Public Safety in the post-Pulse era

By ann summers pulseOne.jpg

 

Orlando’s horrific domestic extremist attack demonstrates that with the constant, cyclical negation of private and public rights there cannot be win-win solutions in a modern democracy that has foundationally resisted the notion of a theocratic state.

An acceptable measure of public safety is possible with a society and economy based on exchange-values that exceed use-values whether it’s interest charges, taxes, or simple profit based on consumer price ignorance.

And then there’s credit and debt, and all the possible hard feelings that can cause conflict over property, public and private.

And there’s even a micro-aggression for all of the above with the attendant offenses of everyday life — misinterpreted stereotyping and disrespect with posturing ranging from offensive t-shirts to open-carrying firearms.

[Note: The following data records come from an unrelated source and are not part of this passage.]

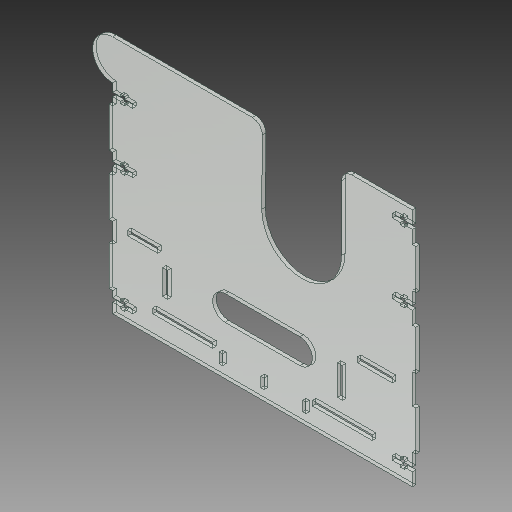
# Autodesk Inventor part: Lat_Der_Caja
Saved by Autodesk Inventor 2019 (Build 230136000, 136)
## iProperties
Created: 2020-04-06
Part Number: Lat_Der_Caja
Material: Generic
Document SubType Name: Modeling
Designer: Jurgen
Density: 1 g/cm^3
Appearance: Clear
Author: Jurgen
Autodesk Inventor part; units mm, degrees
ref_plane "YZ Plane" through (0, 0, 0) normal (1, 0, 0) x (0, 1, 0)
ref_plane "XZ Plane" through (0, 0, 0) normal (0, 1, 0) x (-1, 0, 0)
ref_plane "XY Plane" through (0, 0, 0) normal (0, 0, 1) x (1, 0, 0)
sketch "Sketch1" plane through (0, 0, 0) normal (0, 0, 1) x (1, 0, 0)
  line L0 (0.3285, -0.1681) -> (0.3285, -5.1681)
  line L1 (60.3285, -5.1681) -> (0.3285, -5.1681)
  line L2 (60.3285, -0.1681) -> (60.3285, -5.1681)
  line L3 (0.3285, -0.1681) -> (60.3285, -0.1681)
  line L4 (15.3285, 39.8319) -> (15.3285, 14.8319)
  line L5 (15.3285, 14.8319) -> (10.3285, 14.8319)
  line L6 (10.3285, 14.8319) -> (10.3285, 39.8319)
  line L7 (15.3285, 39.8319) -> (10.3285, 39.8319)
  line L8 (-24.6715, 54.8319) -> (-24.6715, 49.8319)
  line L9 (-24.6715, 54.8319) -> (5.3285, 54.8319)
  line L10 (5.3285, 49.8319) -> (-24.6715, 49.8319)
  line L11 (5.3285, 54.8319) -> (5.3285, 49.8319)
  line L12 (220.3285, -5.1681) -> (160.3285, -5.1681)
  line L13 (160.3285, -0.1681) -> (160.3285, -5.1681)
  line L14 (160.3285, -0.1681) -> (220.3285, -0.1681)
  line L15 (220.3285, -0.1681) -> (220.3285, -5.1681)
  line L16 (190.3285, 14.8319) -> (185.3285, 14.8319)
  line L17 (185.3285, 14.8319) -> (185.3285, 44.8319)
  line L18 (190.3285, 44.8319) -> (190.3285, 14.8319)
  line L19 (190.3285, 44.8319) -> (185.3285, 44.8319)
  line L20 (205.3285, 59.8319) -> (205.3285, 54.8319)
  line L21 (240.3285, 59.8319) -> (205.3285, 59.8319)
  line L22 (240.3285, 54.8319) -> (205.3285, 54.8319)
  line L23 (240.3285, 59.8319) -> (240.3285, 54.8319)
  line L24 (260.3283, -5.1682) -> (260.3283, 214.8318) construction
  line L25 (260.3283, 214.8318) -> (230.3283, 214.8318) construction
  circle A0 centre (149.5, 140) radius 18.5 construction
  circle A1 centre (149.5, 140) radius 12.5 construction
  arc A2 (132.0393, 133.8144) -> (122.7954, 140) centre (122.7954, 130) ccw construction
  arc A3 (134.5683, 127.6856) -> (143.8122, 121.5) centre (143.8122, 131.5) ccw construction
  line L26 (132.0393, 133.8144) -> (134.5683, 127.6856) construction
  line L27 (143.8122, 121.5) -> (185.1878, 121.5) construction
  arc A4 (185.1878, 121.5) -> (194.4317, 127.6856) centre (185.1878, 131.5) ccw construction
  line L28 (194.4317, 127.6856) -> (196.9607, 133.8144) construction
  arc A5 (206.2046, 140) -> (196.9607, 133.8144) centre (206.2046, 130) ccw construction
  line L29 (206.2046, 140) -> (250, 140) construction
  line L30 (81.6779, 140) -> (122.7954, 140) construction
  line L31 (-39.6717, -25.1682) -> (260.3283, -25.1682)
  line L32 (260.3283, -25.1682) -> (260.3283, 214.8318)
  circle A6 centre (149.5, 140) radius 40 construction
  line L33 (-39.6717, 214.8318) -> (-39.6717, -25.1682)
  line L34 (-39.6717, 214.8318) -> (80.3283, 214.8318)
  line L35 (260.3283, 214.8318) -> (-39.6717, 214.8318) construction
  line L36 (215.3283, 214.8318) -> (260.3283, 214.8318) construction
  line L37 (215.3283, 214.8318) -> (260.3283, 214.8318)
  line L38 (109.5, 140) -> (189.5, 140) construction
  arc A7 (109.5, 140) -> (189.5, 140) centre (149.5, 140) ccw
  line L39 (109.5, 140) -> (110.3283, 214.8318)
  line L40 (110.3283, 214.8318) -> (80.3283, 214.8318)
  line L41 (189.5, 140) -> (189.5, 214.8318)
  line L42 (189.5, 214.8318) -> (215.3283, 214.8318)
  line L43 (0.3283, -25.1682) -> (0.3283, 214.8318) construction
  point P0 (0, 0)
  point P1 (113.145, 123.3174)
  point P2 (184.723, 121.0438)
  dimension "d0" = 300
  dimension "d1" = 220
  dimension "d2" = 80
  dimension "d3" = 240
  dimension "d6" = 45
  dimension "d84" = 40
  constraints: 88 end point, 14 point on circle, 8 centre point, 6 horizontal, 5 point on line, 4 vertical, 3 collinear, 2 perpendicular, 1 coincident, 1 concentric, 1 midpoint, 19 other
  measures "d0" distance of L33.start L24.end
  measures "d1" distance of L24.start L24.end
  measures "d2" diameter of A6
  measures "d3" distance of L33.start L31.start
  measures "d6" distance of L24.end L36.start
  measures "d84" distance between parallel lines of L33 L43
extrude "Extrusion1" add sketch "Sketch1" along normal blind 3.5
fillet "Fillet1" radius 10 2 edges at (110.3283, 214.8318, 1.75) (189.5, 214.8318, 1.75)
sketch "Sketch3" plane through (0, 0, 3.5) normal (0, 0, 1) x (1, 0, 0)
  arc A0 (199.5, 214.8318) -> (189.5, 204.8318) centre (199.5, 204.8318) ccw construction
  line L0 (189.5, 204.8318) -> (189.5, 140) construction
  arc A1 (109.5, 140) -> (189.5, 140) centre (149.5, 140) ccw construction
  line L1 (109.5, 140) -> (110.2164, 204.7211) construction
  arc A2 (110.2164, 204.7211) -> (100.217, 214.8318) centre (100.217, 204.8318) ccw construction
  line L2 (100.217, 214.8318) -> (-39.6717, 214.8318) construction
  line L3 (-39.6717, 214.8318) -> (-39.6717, -25.1682) construction
  line L4 (-39.6717, -25.1682) -> (260.3283, -25.1682) construction
  line L5 (260.3283, -25.1682) -> (260.3283, 214.8318) construction
  line L6 (260.3283, 214.8318) -> (199.5, 214.8318) construction
  line L7 (160.3285, -5.1681) -> (160.3285, -0.1681) construction
  line L8 (160.3285, -0.1681) -> (220.3285, -0.1681) construction
  line L9 (220.3285, -0.1681) -> (220.3285, -5.1681) construction
  line L10 (220.3285, -5.1681) -> (160.3285, -5.1681) construction
  line L11 (0.3285, -0.1681) -> (60.3285, -0.1681) construction
  line L12 (60.3285, -0.1681) -> (60.3285, -5.1681) construction
  line L13 (60.3285, -5.1681) -> (0.3285, -5.1681) construction
  line L14 (0.3285, -5.1681) -> (0.3285, -0.1681) construction
  line L15 (205.3285, 59.8319) -> (240.3285, 59.8319) construction
  line L16 (240.3285, 59.8319) -> (240.3285, 54.8319) construction
  line L17 (240.3285, 54.8319) -> (205.3285, 54.8319) construction
  line L18 (205.3285, 54.8319) -> (205.3285, 59.8319) construction
  line L19 (185.3285, 14.8319) -> (185.3285, 44.8319) construction
  line L20 (185.3285, 44.8319) -> (190.3285, 44.8319) construction
  line L21 (190.3285, 44.8319) -> (190.3285, 14.8319) construction
  line L22 (190.3285, 14.8319) -> (185.3285, 14.8319) construction
  line L23 (-24.6715, 54.8319) -> (5.3285, 54.8319) construction
  line L24 (5.3285, 54.8319) -> (5.3285, 49.8319) construction
  line L25 (5.3285, 49.8319) -> (-24.6715, 49.8319) construction
  line L26 (-24.6715, 49.8319) -> (-24.6715, 54.8319) construction
  line L27 (15.3285, 14.8319) -> (10.3285, 14.8319) construction
  line L28 (10.3285, 14.8319) -> (10.3285, 39.8319) construction
  line L29 (10.3285, 39.8319) -> (15.3285, 39.8319) construction
  line L30 (15.3285, 39.8319) -> (15.3285, 14.8319) construction
  line L31 (-39.6717, 214.8318) -> (-39.6717, -25.1682) construction
  arc A3 (-39.6717, 174.8318) -> (-50.6681, 178.1261) centre (-39.6717, 194.8318) ccw construction
  arc A4 (-39.6717, 214.8318) -> (-50.6681, 178.1261) centre (-39.6717, 194.8318) ccw
  line L32 (-39.6717, 174.8318) -> (-39.6717, 159.8318)
  line L33 (-39.6717, 174.8318) -> (-39.6717, 214.8318)
  line L34 (-39.6717, 94.8318) -> (-43.1717, 94.8318)
  line L35 (-43.1717, 94.8318) -> (-43.1717, 54.8318)
  line L36 (-43.1717, 54.8318) -> (-39.6717, 54.8318)
  line L37 (-39.6717, 54.8318) -> (-39.6717, 94.8318)
  line L38 (-39.6717, -5.1682) -> (-43.1717, -5.1682)
  line L39 (-43.1717, -5.1682) -> (-43.1717, 34.8318)
  line L40 (-43.1717, 34.8318) -> (-39.6717, 34.8318)
  line L41 (-39.6717, 34.8318) -> (-39.6717, -5.1682)
  line L42 (-39.6717, 154.8318) -> (-43.1717, 154.8318)
  line L43 (-43.1717, 154.8318) -> (-43.1717, 114.8318)
  line L44 (-43.1717, 114.8318) -> (-39.6717, 114.8318)
  line L45 (-39.6717, 114.8318) -> (-39.6717, 154.8318)
  line L46 (-39.6717, -25.1682) -> (-39.6717, 214.8318) construction
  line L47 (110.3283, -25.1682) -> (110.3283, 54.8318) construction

But there’s never absolute public safety, whether it’s poor driving or basic actions while not caring about self or others. At what moment is inflammatory speech actionable intelligence when ignorance is the core meaning for major party candidates.

“Pulse usually hires armed off-duty police officers who stay in the parking lot outside”

Trying as a former CIA officer attempted to do in a CBS interview today by drawing a direct line to Daesh does not address the fundamental psychological and terror threat disqualifications for firearms operation and purchasing.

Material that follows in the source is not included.